- Born: 12 June 1940 Kuzyumovo, Udmurt ASSR, Russian SFSR, Soviet Union
- Died: 10 September 2019 (aged 79) Izhevsk, Udmurtia, Russia
- Cause of death: Burns from self-immolation
- Occupations: Neopaganist, Udmurt language rights activist, sociologist, ethnographer
- Awards: Honorary citizen of the Alnashsky District; Trokay Borisov Award; Honorary scientist of the Republic of Udmurtia

= Albert Razin =

Udmurt activist and Neopagan (1940–2019)

Albert Alexeyevich Razin (Альберт Алексеевич Разин, 12 June 1940 – 10 September 2019) was an Udmurt language rights activist and Neopaganist who committed traditional self-immolation (tipshar) in the centre of Izhevsk as an act of protest against the adoption of a bill on the voluntary study of the national languages of native peoples, which would allow Udmurt schoolchildren to choose for themselves which language to study, but could lead to a decrease in the number of speakers of the Udmurt language.

==Biography==
Albert Razin was born into a peasant family in Alnashsky District of modern-day Udmurtia.

In 1962 he graduated from the Udmurt State Pedagogical University.
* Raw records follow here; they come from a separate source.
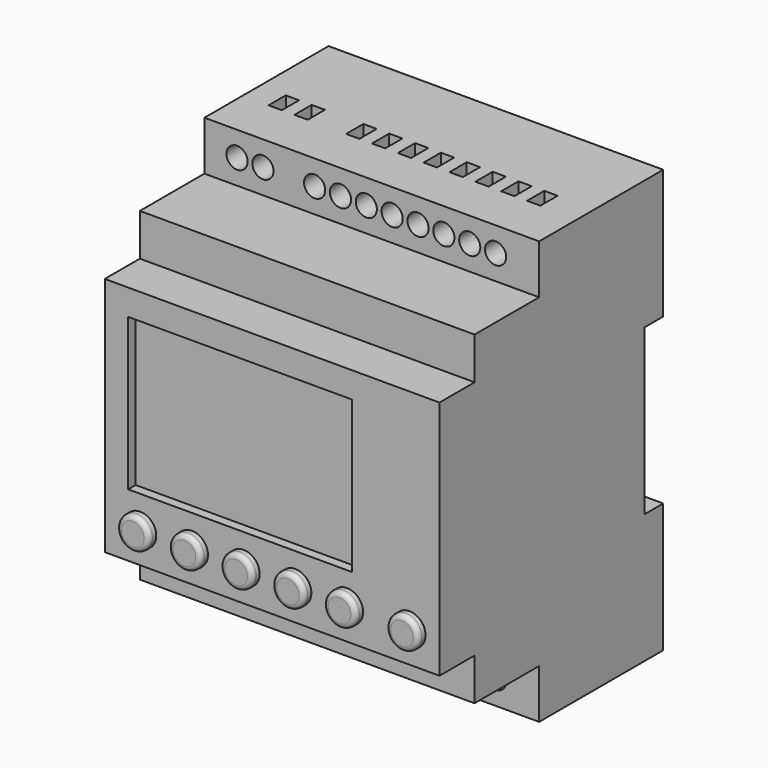
from build123d import *

# Parameters (mm, degrees)
F0_W      = 71.2
F0_H      = 90
F1_DEPTH  = 59.5
F2_W      = 5
F2_H      = 35
F3_DEPTH  = 71.2
F4_W      = 47.6332604885
F4_H      = 32.3030129075
F5_DEPTH  = 2
F4_R      = 3.4094371376
F4_R_2    = 3.409435
F6_DEPTH  = 2
F7_R      = 1
F8_R      = 2.25
F9_DEPTH  = 15
F10_W     = 2.8272345662
F10_H     = 4.5836474746
F11_DEPTH = 10
F12_W     = 2.8272345662
F12_H     = 4.5836474746
F13_DEPTH = 10


with BuildPart() as f1:
    # F0 (on Front) → F1 (new body)
    with BuildSketch(Plane.XZ):
        Rectangle(F0_W, F0_H)
    extrude(amount=F1_DEPTH)

    # F2 (on face) → F3 (cut, through all)
    with BuildSketch(Plane.YZ.offset(35.6)):
        Polygon((-33, 34.5271788538), (-33, 45), (-59.5, 45), (-59.5, 25.5845356733), (-50.1695893556, 25.5845356733), (-50.1695893556, 34.5271788538), align=None)
        Polygon((-50.1695893556, -25.5845356733), (-59.5, -25.5845356733), (-59.5, -45), (-33, -45), (-33, -34.5271788538), (-50.1695893556, -34.5271788538), align=None)
        with Locations((-2.5, 0)):
            Rectangle(F2_W, F2_H)
    extrude(amount=-F3_DEPTH, mode=Mode.SUBTRACT)

    # F4 (on face) → F5 (cut)
    with BuildSketch(Plane.XZ.offset(59.5)):
        with Locations((-6.800532341, 3.9449781179)):
            Rectangle(F4_W, F4_H)
    extrude(amount=-F5_DEPTH, mode=Mode.SUBTRACT)

    # F4 (on face) → F6 (join)
    with BuildSketch(Plane.XZ.offset(59.5)):
        with Locations((-28.0621219426, -18.9591366798)):
            Circle(F4_R)
        with Locations((-17.0621219426, -18.9591366798)):
            Circle(F4_R)
        with Locations((-6.0621219426, -18.9591366798)):
            Circle(F4_R)
        with Locations((4.9378780574, -18.9591366798)):
            Circle(F4_R)
        with Locations((15.9378780574, -18.9591366798)):
            Circle(F4_R)
        with Locations((29.2312186211, -18.9591366798)):
            Circle(F4_R_2)
    extrude(amount=F6_DEPTH)

    # F7
    f7_edges = [f1.edges().sort_by_distance(p)[0] for p in [
        (-31.471559, -61.5, -18.959137),
        (-20.471559, -61.5, -18.959137),
        (-9.471559, -61.5, -18.959137),
        (1.528441, -61.5, -18.959137),
        (12.528441, -61.5, -18.959137),
        (25.821784, -61.5, -18.959137),
    ]]
    fillet(f7_edges, radius=F7_R)

    # F8 (on face) → F9 (cut)
    with BuildSketch(Plane.XZ.offset(33)):
        with Locations((-28.6621302366, 39.7635894269)):
            Circle(F8_R)
        with Locations((-23.1621302366, 39.7635894269)):
            Circle(F8_R)
        with Locations((-12.1621302366, 39.7635894269)):
            Circle(F8_R)
        with Locations((-6.6621302366, 39.7635894269)):
            Circle(F8_R)
        with Locations((-1.1621302366, 39.7635894269)):
            Circle(F8_R)
        with Locations((4.3378697634, 39.7635894269)):
            Circle(F8_R)
        with Locations((9.8378697634, 39.7635894269)):
            Circle(F8_R)
        with Locations((15.3378697634, 39.7635894269)):
            Circle(F8_R)
        with Locations((20.8378697634, 39.7635894269)):
            Circle(F8_R)
        with Locations((26.3378697634, 39.7635894269)):
            Circle(F8_R)
        with Locations((-23.1621302366, -39.7635894269)):
            Circle(F8_R)
        with Locations((-28.6621302366, -39.7635894269)):
            Circle(F8_R)
        with Locations((-6.6621302366, -39.7635894269)):
            Circle(F8_R)
        with Locations((-12.1621302366, -39.7635894269)):
            Circle(F8_R)
        with Locations((26.3378697634, -39.7635894269)):
            Circle(F8_R)
        with Locations((20.8378697634, -39.7635894269)):
            Circle(F8_R)
        with Locations((9.8378697634, -39.7635894269)):
            Circle(F8_R)
        with Locations((4.3378697634, -39.7635894269)):
            Circle(F8_R)
    extrude(amount=-F9_DEPTH, mode=Mode.SUBTRACT)

    # F10 (on face) → F11 (cut)
    with BuildSketch(Plane.XY.offset(45)):
        with Locations((-28.6638047546, -20.5665649846)):
            Rectangle(F10_W, F10_H)
        with Locations((-23.1638047546, -20.5665649846)):
            Rectangle(F10_W, F10_H)
        with Locations((-12.1638047546, -20.5665649846)):
            Rectangle(F10_W, F10_H)
        with Locations((-6.6638047546, -20.5665649846)):
            Rectangle(F10_W, F10_H)
        with Locations((-1.1638047546, -20.5665649846)):
            Rectangle(F10_W, F10_H)
        with Locations((4.3361952454, -20.5665649846)):
            Rectangle(F10_W, F10_H)
        with Locations((9.8361952454, -20.5665649846)):
            Rectangle(F10_W, F10_H)
        with Locations((15.3361952454, -20.5665649846)):
            Rectangle(F10_W, F10_H)
        with Locations((20.8361952454, -20.5665649846)):
            Rectangle(F10_W, F10_H)
        with Locations((26.3361952454, -20.5665649846)):
            Rectangle(F10_W, F10_H)
    extrude(amount=-F11_DEPTH, mode=Mode.SUBTRACT)

    # F12 (on face) → F13 (cut)
    with BuildSketch(Plane(origin=(0, 0, -45), x_dir=(1, 0, 0), z_dir=(0, 0, -1))):
        with Locations((-28.6638047546, 20.5665649846)):
            Rectangle(F12_W, F12_H)
        with Locations((-23.1638047546, 20.5665649846)):
            Rectangle(F12_W, F12_H)
        with Locations((-12.1638047546, 20.5665649846)):
            Rectangle(F12_W, F12_H)
        with Locations((-6.6638047546, 20.5665649846)):
            Rectangle(F12_W, F12_H)
        with Locations((4.3361952454, 20.5665649846)):
            Rectangle(F12_W, F12_H)
        with Locations((9.8361952454, 20.5665649846)):
            Rectangle(F12_W, F12_H)
        with Locations((20.8361952454, 20.5665649846)):
            Rectangle(F12_W, F12_H)
        with Locations((26.3361952454, 20.5665649846)):
            Rectangle(F12_W, F12_H)
    extrude(amount=-F13_DEPTH, mode=Mode.SUBTRACT)


solid = f1.part

He later became Candidate of Sciences in philosophy. In the early 1990s, Razin led an institute at the Udmurt State University.

Razin was an activist of the Udmurt national movement and was actively engaged in the protection of the Udmurt language. Together with other activists, he issued numerous formal protests against the Russification policies of the federal government, such as the cancellation of obligatory teaching of minority languages at schools. He was also known as an active revivalist of Udmurt traditions and Udmurt neopaganism.

==Self-immolation==
On 10 September 2019 Albert Razin came out in front of the State Council of Udmurtia in the Udmurt capital city of Izhevsk together with fellow Udmurt language activist Andrey Perevozchikov. Razin was holding two posters written in Russian, one saying "If my language dies tomorrow, then I'm ready to die today" (a quote from Rasul Gamzatov, an Avar poet) and "Do I have a Fatherland?". He then doused himself in petrol and set himself on fire. Perevozchikov, unaware of Razin's intentions, attempted to extinguish the flames using a fire extinguisher from the Council building, but the extinguisher turned out to be faulty. Razin was brought to a hospital in a critical condition, with burns to nearly 100 percent of his body, and died several hours later.

The Udmurt State Council postponed its session following the incident.

Linguistic rights activists from several regions of Russia (Chuvashia, Bashkortostan and others) as well as academics and officials from Finland and Estonia and Human Rights Watch expressed their solidarity with Razin's demands.

==Family==
Razin was survived by a wife and an 18-year-old daughter.